Au fur et à mesure qu’elle se développe, l’association reçoit des amis, des riverains et des parents des disparus que la mort d’un sans “chez soi“ endeuille.
« Nous avons commencé un travail d’accompagnement des proches de différentes manières, précise Cécile Rocca. En organisant des funérailles, en aidant à faire des démarches administratives, en constituant des groupes de parole… » Et même en formant d’autres structures à faire face à la mort des personnes qu’elles accompagnent.
enquête « dénombrer et décrire »
A partir de 2012, la collecte de données est venue nourrir un projet plus scientifique. Celui d’établir des statistiques et de les communiquer aux institutions concernées par les personnes à la rue.
« Depuis cinq ans, nous menons une enquête qui s’appelle “Dénombrer et décrire la mortalité des personnes sans chez-soi“, indique Cécile Rocca. Ce rapport de 150 pages est publié une fois par an, mais nous en faisons un résumé de 12 pages consultable sur notre site. »

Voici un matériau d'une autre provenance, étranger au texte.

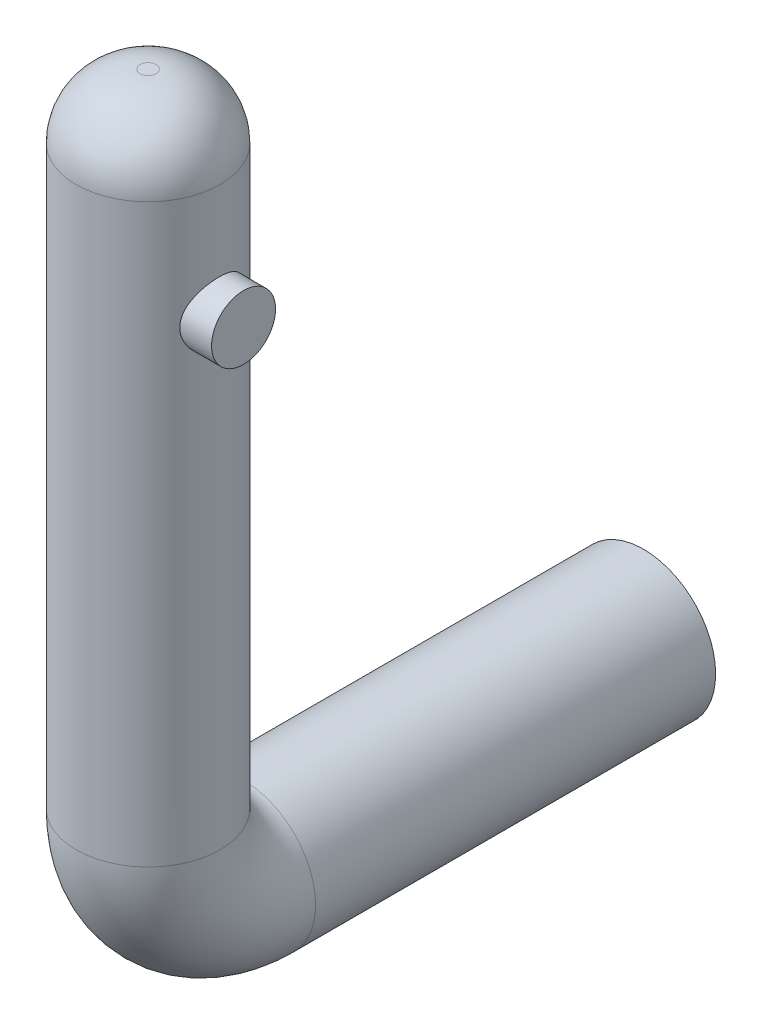
SolidWorks part; units mm, degrees
ref_plane "Front Plane" through (0, 0, 0) normal (0, 0, 1) x (1, 0, 0)
ref_plane "Top Plane" through (0, 0, 0) normal (0, 1, 0) x (1, 0, 0)
ref_plane "Right Plane" through (0, 0, 0) normal (1, 0, 0) x (0, 0, -1)
sketch "Sketch2" plane through (0, 0, 0) normal (0, 0, 1) x (1, 0, 0)
  circle A0 centre (0, 0) radius 4.5
  dimension "D1" = 9
sketch "Sketch3" plane through (0, 0, 0) normal (1, 0, 0) x (0, 0, -1)
  line L0 (0, 0) -> (-25, 0)
  line L1 (-30.9648, 5.9648) -> (-30.9648, 45.9648)
  arc A0 (-25, 0) -> (-30.9648, 5.9648) centre (-25, 5.9648) cw
  dimension "D3" = 5.9648
  dimension "D1" = 25
  dimension "D2" = 40
sweep "Sweep3" add profiles "Sketch2" path "Sketch3"
fillet "Fillet2" radius 4 1 edges at (4.5, 45.9648, 30.9648)
sketch "Sketch4" plane through (0, 0, 0) normal (1, 0, 0) x (0, 0, -1)
  circle A0 centre (-31, 35) radius 2
  dimension "D1" = 4
  dimension "D2" = 35
  dimension "D3" = 31
extrude "Boss-Extrude1" add sketch "Sketch4" along normal blind 6

Financé en partie par la Fondation Caritas et encouragé par la Direction générale de la cohésion sociale, ce rapport répertorie et détaille chaque décès en proposant de répondre à une centaine de questions standardisées concernant le parcours de vie (enfance, travail, logement, santé, relations) et éventuellement la cause du décès de chaque personne.
En l’état, cette étude est la plus précise sur ce sujet. Les chiffres sont partiels ainsi que les réponses au questionnaire standard. Mais Cécile Rocca appelle tous ceux qui le peuvent à alimenter ce rapport qui participe au changement de regard sur la vie de ce qui meurent de la rue.